Una manifestazione clinica correlata è il “furto della succlavia”: una stenosi della succlavia prossimale all’origine dell’arteria vertebrale può invertire il flusso nel circolo vertebro-basilare controlaterale, deviando sangue verso l’arto superiore a bassa pressione anziché verso l’encefalo e inducendo ipoperfusione cerebrale.

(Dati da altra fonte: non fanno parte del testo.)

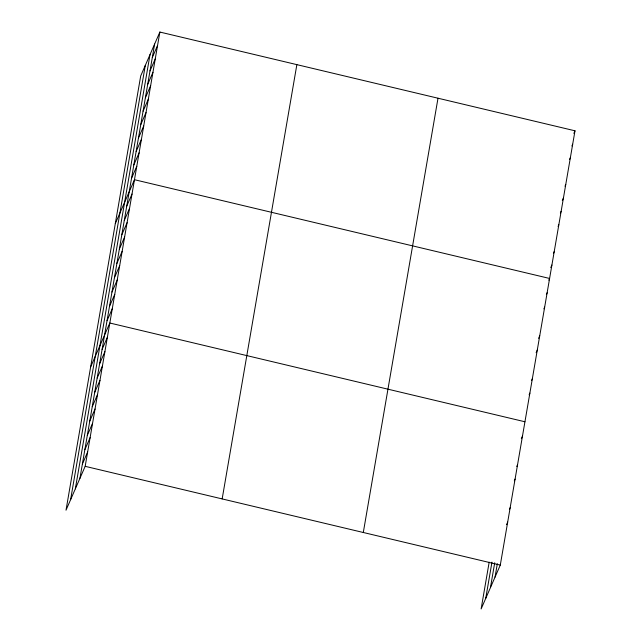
<?xml version="1.0" encoding="UTF-8"?>
<svg xmlns="http://www.w3.org/2000/svg" width="641" height="641" viewBox="0 0 641 641"><rect width="100%" height="100%" fill="white"/><g stroke="black" fill="none" stroke-linecap="round" stroke-linejoin="round"><path stroke-width="0.96" d="M70.598 499.684L145.299 65.406M75.326 488.859L150.026 54.581M79.917 478.354L154.617 44.077M159.873 32.05L140.708 75.918L66.007 510.196L85.173 466.327L159.873 32.05L574.993 130.804L500.292 565.082L481.127 608.95L489.179 562.133M222.163 498.914L296.863 64.637M363.303 532.495L438.003 98.217M485.718 598.446L491.959 562.141M490.445 587.621L494.716 562.774M495.036 577.108L497.336 563.735M152.31 57.498L157.566 45.471M150.002 70.927L155.258 58.9M147.694 84.348L152.951 72.321M145.387 97.769L150.635 85.742M143.071 111.189L148.327 99.163M140.764 124.618L146.02 112.592M138.456 138.039L143.712 126.013M136.148 151.46L141.405 139.434M133.841 164.889L139.097 152.854M131.533 178.31L136.781 166.283M115.308 223.573L134.474 179.704L549.593 278.458L548.84 280.181M126.758 206.065L132.014 194.039M124.29 220.392L129.546 208.365M121.83 234.726L127.078 222.699M119.362 249.053L124.618 237.026M116.894 263.387L122.151 251.36M114.435 277.721L119.683 265.695M111.967 292.048L117.223 280.021M109.499 306.382L114.755 294.355M107.039 320.716L112.287 308.682M90.661 366.884L109.827 323.016L524.939 421.77M102.103 349.377L107.359 337.35M99.643 363.703L104.892 351.677M97.176 378.038L102.432 366.011M94.708 392.372L99.964 380.337M92.248 406.698L97.496 394.672M89.78 421.033L95.036 409.006M87.312 435.359L92.568 423.332M84.852 449.694L90.101 437.667M82.385 464.028L87.641 451.993M573.863 133.384L574.993 130.804M571.932 145.948L572.677 144.233M569.625 159.369L570.37 157.654M565.001 186.219L565.755 184.496M562.317 200.497L563.447 197.925M560.386 213.06L561.139 211.346M558.079 226.489L558.824 224.767M553.455 253.331L554.209 251.617M550.771 267.618L551.901 265.037M546.38 294.507L547.126 292.793M543.913 308.842L544.666 307.127M538.608 338.36L539.73 335.788M536.14 352.694L537.27 350.114M531.589 380.498L532.334 378.783M529.121 394.832L529.875 393.109M521.349 438.684L522.479 436.104M516.798 466.488L517.543 464.765M514.33 480.814L515.084 479.099M509.403 509.475L510.148 507.76M506.558 524.667L507.688 522.095M85.173 466.327L500.292 565.082"/></g></svg>

L’uso del teorema di Bernoulli è alla base di diversi strumenti per la misura della portata di un fluido. Un esempio è il tubo di Venturi, costituito da un tratto con strozzatura e due prese di pressione collegate a canne manometriche (Figura 03.10-04): la differenza di pressione \( p_{1} - p_{2} \) tra la sezione a monte e la gola è legata alla velocità a monte \( v_{1} \), nota la geometria del condotto.
(7.3)
\( p_{1} - p_{2} = \dfrac{1}{2} \, d \, v_{1}^{2} \left( \dfrac{S_{1}^{2}}{S_{2}^{2}} - 1 \right) \),
che si ottiene combinando la continuità \( v_{2} = v_{1} S_{1}/S_{2} \) con Bernoulli. Da una misura di \( p_{1} - p_{2} \) e dalla conoscenza di \( S_{1}, S_{2} \) si ricavano \( v_{1} \) e \( v_{2} \), e quindi la portata \( Q = S_{1} \, v_{1} \).
Il tubo di Pitot (Figura 03.10-05) consente la misura diretta della velocità locale: una presa frontale porta il fluido a velocità nulla (punto di ristagno) e misura la pressione totale \( p_{0} \), mentre prese laterali rilevano la pressione statica p. La differenza manometrica soddisfa la relazione \( p_{0} - p = \tfrac{1}{2} \, d \, v^{2} \), da cui si ottiene \( v = \sqrt{ \dfrac{2 (p_{0} - p)}{d} } \). Il principio è valido anche per i gas e trova impiego nell’aeronautica e nella ventilazione ambientale.
Le misure invasive della portata e della velocità ematica richiedono l’accesso diretto al lume vascolare. Esistono tuttavia metodi non invasivi, tra cui:
- flussimetria Doppler a ultrasuoni, che stima la velocità misurando lo scostamento di frequenza \( \Delta f = \dfrac{2 f_{0} v \cos \theta}{c} \) tra onda incidente e riflessa dagli eritrociti, con \( f_{0} \) frequenza di emissione, \( \theta \) angolo di insonazione e c velocità del suono nei tessuti;
- tecniche di risonanza magnetica in fase-contrasto, che quantificano il profilo di velocità attraverso la variazione di fase del segnale proporzionale allo spostamento;
- metodi a diluizione di indicatore, oggi meno usati per via della maggiore invasività rispetto all’ecodoppler.
Queste tecniche, opportunamente calibrate e corrette per la viscosità e la pulsatività del flusso, forniscono misure affidabili della portata nei diversi distretti vascolari.